**Work item**.
From the entries below, retype only the lines from the one with "#111=ORIENTED_EDGE('',*,*,#110,.T.);" through the one with "#177=DIRECTION('',(0.,-1.,0.));", exactly as written.

[[ Data for this task open ]]

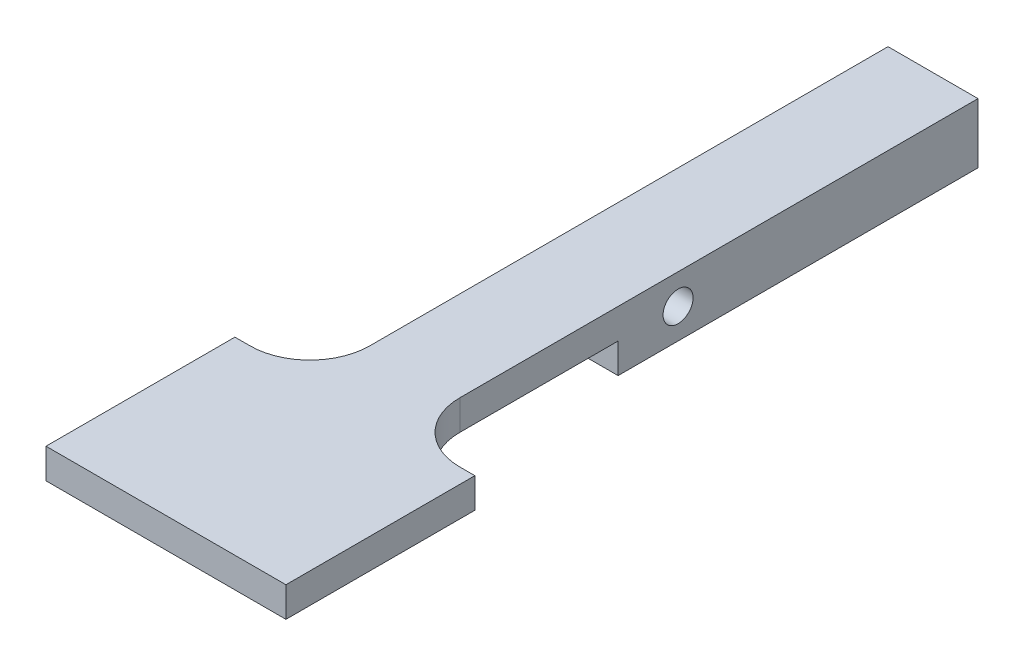
ISO-10303-21;
HEADER;
FILE_DESCRIPTION(('STEP AP214'),'2;1');
FILE_NAME('part.step','',(''),(''),'','','');
FILE_SCHEMA(('AUTOMOTIVE_DESIGN { 1 0 10303 214 1 1 1 1 }'));
ENDSEC;
DATA;
#1=APPLICATION_CONTEXT('core data for automotive mechanical design processes');
#2=APPLICATION_PROTOCOL_DEFINITION('international standard','automotive_design',2000,#1);
#3=PRODUCT_CONTEXT('',#1,'mechanical');
#4=PRODUCT('Part','Part','',(#3));
#5=PRODUCT_RELATED_PRODUCT_CATEGORY('part','',(#4));
#6=PRODUCT_DEFINITION_FORMATION('','',#4);
#7=PRODUCT_DEFINITION_CONTEXT('part definition',#1,'design');
#8=PRODUCT_DEFINITION('design','',#6,#7);
#9=PRODUCT_DEFINITION_SHAPE('','',#8);
#10=(LENGTH_UNIT() NAMED_UNIT(*) SI_UNIT(.MILLI.,.METRE.));
#11=(NAMED_UNIT(*) PLANE_ANGLE_UNIT() SI_UNIT($,.RADIAN.));
#12=(NAMED_UNIT(*) SI_UNIT($,.STERADIAN.) SOLID_ANGLE_UNIT());
#13=UNCERTAINTY_MEASURE_WITH_UNIT(LENGTH_MEASURE(1.E-05),#10,'distance_accuracy_value','');
#14=(GEOMETRIC_REPRESENTATION_CONTEXT(3) GLOBAL_UNCERTAINTY_ASSIGNED_CONTEXT((#13)) GLOBAL_UNIT_ASSIGNED_CONTEXT((#10,
#11,#12)) REPRESENTATION_CONTEXT('',''));
#15=CARTESIAN_POINT('',(0.,0.,0.));
#16=DIRECTION('',(0.,0.,1.));
#17=DIRECTION('',(1.,0.,0.));
#18=AXIS2_PLACEMENT_3D('',#15,#16,#17);
#19=CARTESIAN_POINT('',(9.525,0.,0.));
#20=DIRECTION('',(1.,0.,0.));
#21=DIRECTION('',(0.,0.,-1.));
#22=AXIS2_PLACEMENT_3D('',#19,#20,#21);
#23=PLANE('',#22);
#24=CARTESIAN_POINT('',(9.525,-1.5875,31.75));
#25=DIRECTION('',(1.,0.,0.));
#26=DIRECTION('',(0.,0.,-1.));
#27=AXIS2_PLACEMENT_3D('',#24,#25,#26);
#28=CIRCLE('',#27,1.5875);
#29=CARTESIAN_POINT('',(9.525,-1.5875,30.1625));
#30=VERTEX_POINT('',#29);
#31=EDGE_CURVE('E159',#30,#30,#28,.T.);
#32=ORIENTED_EDGE('',*,*,#31,.F.);
#33=EDGE_LOOP('',(#32));
#34=FACE_BOUND('',#33,.T.);
#35=DIRECTION('',(0.,0.,-1.));
#36=VECTOR('',#35,1.);
#37=CARTESIAN_POINT('',(9.525,1.5875,0.));
#38=LINE('',#37,#36);
#39=CARTESIAN_POINT('',(9.525,1.5875,54.85));
#40=VERTEX_POINT('',#39);
#41=CARTESIAN_POINT('',(9.525,1.5875,0.));
#42=VERTEX_POINT('',#41);
#43=EDGE_CURVE('E169',#40,#42,#38,.T.);
#44=ORIENTED_EDGE('',*,*,#43,.F.);
#45=DIRECTION('',(0.,-1.,0.));
#46=VECTOR('',#45,1.);
#47=CARTESIAN_POINT('',(9.525,0.,54.85));
#48=LINE('',#47,#46);
#49=CARTESIAN_POINT('',(9.525,-1.58750000000001,54.85));
#50=VERTEX_POINT('',#49);
#51=EDGE_CURVE('E202',#40,#50,#48,.T.);
#52=ORIENTED_EDGE('',*,*,#51,.T.);
#53=DIRECTION('',(0.,0.,1.));
#54=VECTOR('',#53,1.);
#55=CARTESIAN_POINT('',(9.525,-1.5875,0.));
#56=LINE('',#55,#54);
#57=CARTESIAN_POINT('',(9.525,-1.5875,38.1));
#58=VERTEX_POINT('',#57);
#59=EDGE_CURVE('E171',#58,#50,#56,.T.);
#60=ORIENTED_EDGE('',*,*,#59,.F.);
#61=DIRECTION('',(0.,-1.,0.));
#62=VECTOR('',#61,1.);
#63=CARTESIAN_POINT('',(9.525,0.,38.1));
#64=LINE('',#63,#62);
#65=CARTESIAN_POINT('',(9.525,-4.7625,38.1));
#66=VERTEX_POINT('',#65);
#67=EDGE_CURVE('E173',#58,#66,#64,.T.);
#68=ORIENTED_EDGE('',*,*,#67,.T.);
#69=DIRECTION('',(0.,0.,-1.));
#70=VECTOR('',#69,1.);
#71=CARTESIAN_POINT('',(9.525,-4.7625,0.));
#72=LINE('',#71,#70);
#73=CARTESIAN_POINT('',(9.525,-4.7625,0.));
#74=VERTEX_POINT('',#73);
#75=EDGE_CURVE('E162',#66,#74,#72,.T.);
#76=ORIENTED_EDGE('',*,*,#75,.T.);
#77=DIRECTION('',(0.,1.,0.));
#78=VECTOR('',#77,1.);
#79=CARTESIAN_POINT('',(9.525,0.,0.));
#80=LINE('',#79,#78);
#81=EDGE_CURVE('E166',#74,#42,#80,.T.);
#82=ORIENTED_EDGE('',*,*,#81,.T.);
#83=EDGE_LOOP('',(#44,#52,#60,#68,#76,#82));
#84=FACE_BOUND('',#83,.T.);
#85=ADVANCED_FACE('F38',(#34,#84),#23,.T.);
#86=CARTESIAN_POINT('',(0.,0.,0.));
#87=DIRECTION('',(1.,0.,0.));
#88=DIRECTION('',(0.,0.,-1.));
#89=AXIS2_PLACEMENT_3D('',#86,#87,#88);
#90=PLANE('',#89);
#91=CARTESIAN_POINT('',(0.,-1.5875,31.75));
#92=DIRECTION('',(1.,0.,0.));
#93=DIRECTION('',(0.,0.,-1.));
#94=AXIS2_PLACEMENT_3D('',#91,#92,#93);
#95=CIRCLE('',#94,1.5875);
#96=CARTESIAN_POINT('',(0.,-1.5875,30.1625));
#97=VERTEX_POINT('',#96);
#98=EDGE_CURVE('E150',#97,#97,#95,.T.);
#99=ORIENTED_EDGE('',*,*,#98,.T.);
#100=EDGE_LOOP('',(#99));
#101=FACE_BOUND('',#100,.T.);
#102=DIRECTION('',(0.,0.,1.));
#103=VECTOR('',#102,1.);
#104=CARTESIAN_POINT('',(0.,-1.5875,0.));
#105=LINE('',#104,#103);
#106=CARTESIAN_POINT('',(0.,-1.5875,38.1));
#107=VERTEX_POINT('',#106);
#108=CARTESIAN_POINT('',(0.,-1.58750000000001,54.85));
#109=VERTEX_POINT('',#108);
#110=EDGE_CURVE('E183',#107,#109,#105,.T.);
#111=ORIENTED_EDGE('',*,*,#110,.T.);
#112=DIRECTION('',(0.,-1.,0.));
#113=VECTOR('',#112,1.);
#114=CARTESIAN_POINT('',(0.,1.5875,54.85));
#115=LINE('',#114,#113);
#116=CARTESIAN_POINT('',(0.,1.5875,54.85));
#117=VERTEX_POINT('',#116);
#118=EDGE_CURVE('E200',#109,#117,#115,.F.);
#119=ORIENTED_EDGE('',*,*,#118,.T.);
#120=DIRECTION('',(0.,0.,-1.));
#121=VECTOR('',#120,1.);
#122=CARTESIAN_POINT('',(0.,1.5875,0.));
#123=LINE('',#122,#121);
#124=CARTESIAN_POINT('',(0.,1.5875,0.));
#125=VERTEX_POINT('',#124);
#126=EDGE_CURVE('E181',#117,#125,#123,.T.);
#127=ORIENTED_EDGE('',*,*,#126,.T.);
#128=DIRECTION('',(0.,1.,0.));
#129=VECTOR('',#128,1.);
#130=CARTESIAN_POINT('',(0.,0.,0.));
#131=LINE('',#130,#129);
#132=CARTESIAN_POINT('',(0.,-4.7625,0.));
#133=VERTEX_POINT('',#132);
#134=EDGE_CURVE('E178',#133,#125,#131,.T.);
#135=ORIENTED_EDGE('',*,*,#134,.F.);
#136=DIRECTION('',(0.,0.,-1.));
#137=VECTOR('',#136,1.);
#138=CARTESIAN_POINT('',(0.,-4.7625,0.));
#139=LINE('',#138,#137);
#140=CARTESIAN_POINT('',(0.,-4.7625,38.1));
#141=VERTEX_POINT('',#140);
#142=EDGE_CURVE('E153',#141,#133,#139,.T.);
#143=ORIENTED_EDGE('',*,*,#142,.F.);
#144=DIRECTION('',(0.,-1.,0.));
#145=VECTOR('',#144,1.);
#146=CARTESIAN_POINT('',(0.,0.,38.1));
#147=LINE('',#146,#145);
#148=EDGE_CURVE('E163',#107,#141,#147,.T.);
#149=ORIENTED_EDGE('',*,*,#148,.F.);
#150=EDGE_LOOP('',(#111,#119,#127,#135,#143,#149));
#151=FACE_BOUND('',#150,.T.);
#152=ADVANCED_FACE('F230',(#101,#151),#90,.F.);
#153=CARTESIAN_POINT('',(9.525,-4.7625,0.));
#154=DIRECTION('',(0.,1.,0.));
#155=DIRECTION('',(0.,0.,1.));
#156=AXIS2_PLACEMENT_3D('',#153,#154,#155);
#157=PLANE('',#156);
#158=ORIENTED_EDGE('',*,*,#142,.T.);
#159=DIRECTION('',(-1.,0.,0.));
#160=VECTOR('',#159,1.);
#161=CARTESIAN_POINT('',(9.525,-4.7625,0.));
#162=LINE('',#161,#160);
#163=EDGE_CURVE('E194',#74,#133,#162,.T.);
#164=ORIENTED_EDGE('',*,*,#163,.F.);
#165=ORIENTED_EDGE('',*,*,#75,.F.);
#166=DIRECTION('',(-1.,0.,0.));
#167=VECTOR('',#166,1.);
#168=CARTESIAN_POINT('',(9.525,-4.7625,38.1));
#169=LINE('',#168,#167);
#170=EDGE_CURVE('E174',#66,#141,#169,.T.);
#171=ORIENTED_EDGE('',*,*,#170,.T.);
#172=EDGE_LOOP('',(#158,#164,#165,#171));
#173=FACE_BOUND('',#172,.T.);
#174=ADVANCED_FACE('F238',(#173),#157,.F.);
#175=CARTESIAN_POINT('',(9.525,0.,0.));
#176=DIRECTION('',(0.,0.,1.));
#177=DIRECTION('',(0.,-1.,0.));
#178=AXIS2_PLACEMENT_3D('',#175,#176,#177);
#179=PLANE('',#178);
#180=ORIENTED_EDGE('',*,*,#134,.T.);
#181=DIRECTION('',(-1.,0.,0.));
#182=VECTOR('',#181,1.);
#183=CARTESIAN_POINT('',(9.525,1.5875,0.));
#184=LINE('',#183,#182);
#185=EDGE_CURVE('E191',#42,#125,#184,.T.);
#186=ORIENTED_EDGE('',*,*,#185,.F.);
#187=ORIENTED_EDGE('',*,*,#81,.F.);
#188=ORIENTED_EDGE('',*,*,#163,.T.);
#189=EDGE_LOOP('',(#180,#186,#187,#188));
#190=FACE_BOUND('',#189,.T.);
#191=ADVANCED_FACE('F285',(#190),#179,.F.);
#192=CARTESIAN_POINT('',(9.525,1.5875,0.));
#193=DIRECTION('',(0.,1.,0.));
#194=DIRECTION('',(0.,0.,1.));
#195=AXIS2_PLACEMENT_3D('',#192,#193,#194);
#196=PLANE('',#195);
#197=DIRECTION('',(-1.,0.,0.));
#198=VECTOR('',#197,1.);
#199=CARTESIAN_POINT('',(17.4625,1.5875,61.2));
#200=LINE('',#199,#198);
#201=CARTESIAN_POINT('',(17.4625,1.5875,61.2));
#202=VERTEX_POINT('',#201);
#203=CARTESIAN_POINT('',(15.875,1.5875,61.2));
#204=VERTEX_POINT('',#203);
#205=EDGE_CURVE('E221',#202,#204,#200,.T.);
#206=ORIENTED_EDGE('',*,*,#205,.T.);
#207=CARTESIAN_POINT('',(15.875,1.5875,54.85));
#208=DIRECTION('',(0.,1.,0.));
#209=DIRECTION('',(0.,0.,1.));
#210=AXIS2_PLACEMENT_3D('',#207,#208,#209);
#211=CIRCLE('',#210,6.35);
#212=EDGE_CURVE('E11',#204,#40,#211,.F.);
#213=ORIENTED_EDGE('',*,*,#212,.T.);
#214=ORIENTED_EDGE('',*,*,#43,.T.);
#215=ORIENTED_EDGE('',*,*,#185,.T.);
#216=ORIENTED_EDGE('',*,*,#126,.F.);
#217=CARTESIAN_POINT('',(-6.35,1.5875,54.85));
#218=DIRECTION('',(0.,1.,0.));
#219=DIRECTION('',(0.,0.,1.));
#220=AXIS2_PLACEMENT_3D('',#217,#218,#219);
#221=CIRCLE('',#220,6.35);
#222=CARTESIAN_POINT('',(-6.35,1.5875,61.2));
#223=VERTEX_POINT('',#222);
#224=EDGE_CURVE('E208',#117,#223,#221,.F.);
#225=ORIENTED_EDGE('',*,*,#224,.T.);
#226=CARTESIAN_POINT('',(-7.9375,1.5875,61.2));
#227=VERTEX_POINT('',#226);
#228=EDGE_CURVE('E212',#223,#227,#200,.T.);
#229=ORIENTED_EDGE('',*,*,#228,.T.);
#230=DIRECTION('',(0.,0.,1.));
#231=VECTOR('',#230,1.);
#232=CARTESIAN_POINT('',(-7.9375,1.58750000000001,0.));
#233=LINE('',#232,#231);
#234=CARTESIAN_POINT('',(-7.9375,1.5875,81.2));
#235=VERTEX_POINT('',#234);
#236=EDGE_CURVE('E149',#227,#235,#233,.T.);
#237=ORIENTED_EDGE('',*,*,#236,.T.);
#238=DIRECTION('',(-1.,0.,0.));
#239=VECTOR('',#238,1.);
#240=CARTESIAN_POINT('',(17.4625,1.5875,81.2));
#241=LINE('',#240,#239);
#242=CARTESIAN_POINT('',(17.4625,1.5875,81.2));
#243=VERTEX_POINT('',#242);
#244=EDGE_CURVE('E131',#243,#235,#241,.T.);
#245=ORIENTED_EDGE('',*,*,#244,.F.);
#246=DIRECTION('',(0.,0.,1.));
#247=VECTOR('',#246,1.);
#248=CARTESIAN_POINT('',(17.4625,1.58750000000001,0.));
#249=LINE('',#248,#247);
#250=EDGE_CURVE('E138',#202,#243,#249,.T.);
#251=ORIENTED_EDGE('',*,*,#250,.F.);
#252=EDGE_LOOP('',(#206,#213,#214,#215,#216,#225,#229,#237,#245,#251));
#253=FACE_BOUND('',#252,.T.);
#254=ADVANCED_FACE('F147',(#253),#196,.T.);
#255=CARTESIAN_POINT('',(9.525,-1.5875,0.));
#256=DIRECTION('',(0.,-1.,0.));
#257=DIRECTION('',(0.,0.,-1.));
#258=AXIS2_PLACEMENT_3D('',#255,#256,#257);
#259=PLANE('',#258);
#260=DIRECTION('',(-1.,0.,0.));
#261=VECTOR('',#260,1.);
#262=CARTESIAN_POINT('',(17.4625,-1.5875,61.2));
#263=LINE('',#262,#261);
#264=CARTESIAN_POINT('',(-6.35,-1.5875,61.2));
#265=VERTEX_POINT('',#264);
#266=CARTESIAN_POINT('',(-7.9375,-1.5875,61.2));
#267=VERTEX_POINT('',#266);
#268=EDGE_CURVE('E227',#265,#267,#263,.T.);
#269=ORIENTED_EDGE('',*,*,#268,.F.);
#270=CARTESIAN_POINT('',(-6.35,-1.58750000000001,54.85));
#271=DIRECTION('',(0.,-1.,0.));
#272=DIRECTION('',(0.,0.,-1.));
#273=AXIS2_PLACEMENT_3D('',#270,#271,#272);
#274=CIRCLE('',#273,6.35);
#275=EDGE_CURVE('E206',#265,#109,#274,.F.);
#276=ORIENTED_EDGE('',*,*,#275,.T.);
#277=ORIENTED_EDGE('',*,*,#110,.F.);
#278=DIRECTION('',(-1.,0.,0.));
#279=VECTOR('',#278,1.);
#280=CARTESIAN_POINT('',(9.525,-1.5875,38.1));
#281=LINE('',#280,#279);
#282=EDGE_CURVE('E189',#58,#107,#281,.T.);
#283=ORIENTED_EDGE('',*,*,#282,.F.);
#284=ORIENTED_EDGE('',*,*,#59,.T.);
#285=CARTESIAN_POINT('',(15.875,-1.58750000000001,54.85));
#286=DIRECTION('',(0.,-1.,0.));
#287=DIRECTION('',(0.,0.,-1.));
#288=AXIS2_PLACEMENT_3D('',#285,#286,#287);
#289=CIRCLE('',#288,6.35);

[[ Data for this task closed ]]

**Result for this task**.
#111=ORIENTED_EDGE('',*,*,#110,.T.);
#112=DIRECTION('',(0.,-1.,0.));
#113=VECTOR('',#112,1.);
#114=CARTESIAN_POINT('',(0.,1.5875,54.85));
#115=LINE('',#114,#113);
#116=CARTESIAN_POINT('',(0.,1.5875,54.85));
#117=VERTEX_POINT('',#116);
#118=EDGE_CURVE('E200',#109,#117,#115,.F.);
#119=ORIENTED_EDGE('',*,*,#118,.T.);
#120=DIRECTION('',(0.,0.,-1.));
#121=VECTOR('',#120,1.);
#122=CARTESIAN_POINT('',(0.,1.5875,0.));
#123=LINE('',#122,#121);
#124=CARTESIAN_POINT('',(0.,1.5875,0.));
#125=VERTEX_POINT('',#124);
#126=EDGE_CURVE('E181',#117,#125,#123,.T.);
#127=ORIENTED_EDGE('',*,*,#126,.T.);
#128=DIRECTION('',(0.,1.,0.));
#129=VECTOR('',#128,1.);
#130=CARTESIAN_POINT('',(0.,0.,0.));
#131=LINE('',#130,#129);
#132=CARTESIAN_POINT('',(0.,-4.7625,0.));
#133=VERTEX_POINT('',#132);
#134=EDGE_CURVE('E178',#133,#125,#131,.T.);
#135=ORIENTED_EDGE('',*,*,#134,.F.);
#136=DIRECTION('',(0.,0.,-1.));
#137=VECTOR('',#136,1.);
#138=CARTESIAN_POINT('',(0.,-4.7625,0.));
#139=LINE('',#138,#137);
#140=CARTESIAN_POINT('',(0.,-4.7625,38.1));
#141=VERTEX_POINT('',#140);
#142=EDGE_CURVE('E153',#141,#133,#139,.T.);
#143=ORIENTED_EDGE('',*,*,#142,.F.);
#144=DIRECTION('',(0.,-1.,0.));
#145=VECTOR('',#144,1.);
#146=CARTESIAN_POINT('',(0.,0.,38.1));
#147=LINE('',#146,#145);
#148=EDGE_CURVE('E163',#107,#141,#147,.T.);
#149=ORIENTED_EDGE('',*,*,#148,.F.);
#150=EDGE_LOOP('',(#111,#119,#127,#135,#143,#149));
#151=FACE_BOUND('',#150,.T.);
#152=ADVANCED_FACE('F230',(#101,#151),#90,.F.);
#153=CARTESIAN_POINT('',(9.525,-4.7625,0.));
#154=DIRECTION('',(0.,1.,0.));
#155=DIRECTION('',(0.,0.,1.));
#156=AXIS2_PLACEMENT_3D('',#153,#154,#155);
#157=PLANE('',#156);
#158=ORIENTED_EDGE('',*,*,#142,.T.);
#159=DIRECTION('',(-1.,0.,0.));
#160=VECTOR('',#159,1.);
#161=CARTESIAN_POINT('',(9.525,-4.7625,0.));
#162=LINE('',#161,#160);
#163=EDGE_CURVE('E194',#74,#133,#162,.T.);
#164=ORIENTED_EDGE('',*,*,#163,.F.);
#165=ORIENTED_EDGE('',*,*,#75,.F.);
#166=DIRECTION('',(-1.,0.,0.));
#167=VECTOR('',#166,1.);
#168=CARTESIAN_POINT('',(9.525,-4.7625,38.1));
#169=LINE('',#168,#167);
#170=EDGE_CURVE('E174',#66,#141,#169,.T.);
#171=ORIENTED_EDGE('',*,*,#170,.T.);
#172=EDGE_LOOP('',(#158,#164,#165,#171));
#173=FACE_BOUND('',#172,.T.);
#174=ADVANCED_FACE('F238',(#173),#157,.F.);
#175=CARTESIAN_POINT('',(9.525,0.,0.));
#176=DIRECTION('',(0.,0.,1.));
#177=DIRECTION('',(0.,-1.,0.));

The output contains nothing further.